Last month, we learned that a data breach had exposed personal information from more than half a million people in the International Committee of the Red Cross’ (ICRC) family reunification programs including migrants, refugees, and others fleeing conflict, famine and natural disasters. Though we don’t know who accessed this data or why, the sophisticated nature of one of the largest ever cyberattacks on a humanitarian organization indicates that the perpetrator(s) was a state-like actor.
This should raise alarm bells for all of us. The ICRC is a leader in data security in humanitarian spaces and has been warning for years of the growing risk of cyber crime in fragile contexts. As one expert explained, “[i]f the ICRC, the organization that has invested the most, has trained the most, has developed the most doctrine, can be susceptible, then the question is what’s happening to other organizations where we don’t even know that the hacks are occurring?”
We should have seen this coming. Researchers have been long called for seeing cybersecurity as a development issue. And looking ahead, we can anticipate what’s next as the use of digital technology in sensitive development contexts continues to expand. In fact, it’s already become clear that the risks of biometric data collection in humanitarian aid settings may at times outweigh the benefits, as Development Gateway’s Josh Powell wrote in this edition of the Digest focused on Afghanistan.
There’s been widespread failure across the development and humanitarian sectors to reckon with this challenge and its implications even though the stakes couldn’t be higher. These are the organizations of last resort for some of the most marginalized people in the world. If ICRC and others can’t do their work because of digital security threats, then no one is going to do it.
Numerous advocates and agencies have called for a Digital Geneva Convention to provide a legal framework for protecting organizations that work in the digital humanitarian space and non-combatants caught in digital warfare. This is a crucial piece of the response that demands coordinated action from advocates, countries, international organizations, and others. But legal structures are just one part of the solution.
Our economies and societies are transforming so rapidly that nothing short of systems-wide change in the development and humanitarian sectors is needed. This requires leadership that prioritizes cybersecurity and sees it as an enabler of development and humanitarian action, not just a defense against threats. It also requires upgrading systems and re-skilling staff, giving them the tools to understand, recognize and address threats. Operational parts of this effort include: data minimization, investing in the back-end of development projects, file encryption, and more.
Funders and donors have a key role to play in this. In development as in public policy, funding drives priorities. The challenge lies in misalignment and segmentation of development projects and cybersecurity. Donors are focused on project outcomes while cybersecurity is intended to prevent events from happening making it a hard sell. Strengthening the systems and skills in humanitarian and development organizations has rarely been a donor priority. This has to change, and it can.

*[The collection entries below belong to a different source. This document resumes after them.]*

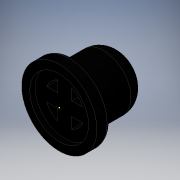
# Autodesk Inventor part: Button
Saved by Autodesk Inventor 2016 SP1 (Build 200210100, 210)
## iProperties
Created: 2018-06-05
Part Number: Button
Material: Plastique ABS
Document SubType Name: Modeling
Designer: dimercur
Density: 1.06 g/cm^3
Appearance: Noir
Author: dimercur
Autodesk Inventor part; units mm, degrees
ref_plane "YZ Plane" through (0, 0, 0) normal (1, 0, 0) x (0, 1, 0)
ref_plane "XZ Plane" through (0, 0, 0) normal (0, 1, 0) x (-1, 0, 0)
ref_plane "XY Plane" through (0, 0, 0) normal (0, 0, 1) x (1, 0, 0)
sketch "Esquisse1" plane through (0, 0, 0) normal (0, 1, 0) x (-1, 0, 0)
  circle A0 centre (0, 0) radius 4
  dimension "d0" = 8
  constraints: 1 centre point, 1 coincident
  measures "d0" diameter of A0
extrude "Extrusion1" add sketch "Esquisse1" along normal blind 7
fillet "Congé1" radius 2.5 1 edges at (4, 7, 0)
sketch "Esquisse2" plane through (0, 0, 0) normal (0, -1, 0) x (1, 0, 0)
  circle A0 centre (0, 0) radius 5.5
  dimension "d4" = 11
  constraints: 1 centre point, 1 coincident
  measures "d4" diameter of A0
extrude "Extrusion2" add sketch "Esquisse2" along normal blind 2
sketch "Esquisse3" plane through (0, -2, 0) normal (0, -1, 0) x (1, 0, 0)
  point P0 (0, 0)
shell "Coque1" thickness 1.2 removed faces 1 at (1.6766, -2, 0.4132)
sketch "Esquisse4" plane through (0, -1.2, 0) normal (0, -1, 0) x (1, 0, 0)
  line L0 (3.5, 1) -> (-3.5, 1)
  line L1 (-3.5, 1) -> (-3.5, -1)
  line L2 (-3.5, -1) -> (3.5, -1)
  line L3 (3.5, -1) -> (3.5, 1)
  line L4 (1, 3.5) -> (-1, 3.5)
  line L5 (-1, 3.5) -> (-1, -3.5)
  line L6 (-1, -3.5) -> (1, -3.5)
  line L7 (1, -3.5) -> (1, 3.5)
  point P0 (0, 0)
  dimension "d8" = 2
  dimension "d9" = 2
  dimension "d10" = 7
  dimension "d11" = 3.5
  dimension "d12" = 7
  dimension "d13" = 3.5
  dimension "d14" = 1
  dimension "d15" = 1
  constraints: 16 end point, 4 parallel, 2 horizontal, 2 perpendicular
  measures "d8" distance of L2.end L0.start
  measures "d9" distance of L4.start L4.end
  measures "d10" distance of L1.end L2.end
  measures "d11" horizontal distance of point (0, 0) L2.end
  measures "d12" distance of L6.end L4.start
  measures "d13" vertical distance of point (0, 0) L4.start
  measures "d14" horizontal distance of point (0, 0) L6.end
  measures "d15" vertical distance of point (0, 0) L0.start
extrude "Extrusion3" add sketch "Esquisse4" against normal blind 2
fillet "Congé2" radius 0.5 1 edges at (-5.5, 0, 0)
equation "\"d9\" = d8"
equation "\"d11\" = 0.5 * d10"
equation "\"d12\" = d10"
equation "\"d13\" = 0.5 * d12"
equation "\"d14\" = 0.5 * d9"
equation "\"d15\" = 0.5 * d8"

Movements like the Data Values Project can spark conversation among a diverse range of actors on these issues. As NetHope’s recent call for action stated: “Nonprofits cannot respond to this crisis in isolation. A digitally platformed, interconnected, and expert web of partners and funders is required to tackle what has already become a humanitarian emergency in its own right.” This is where partnerships hold enormous power to convene and organize the field, mature and advance this conversation, and to design smarter and more forward-thinking responses.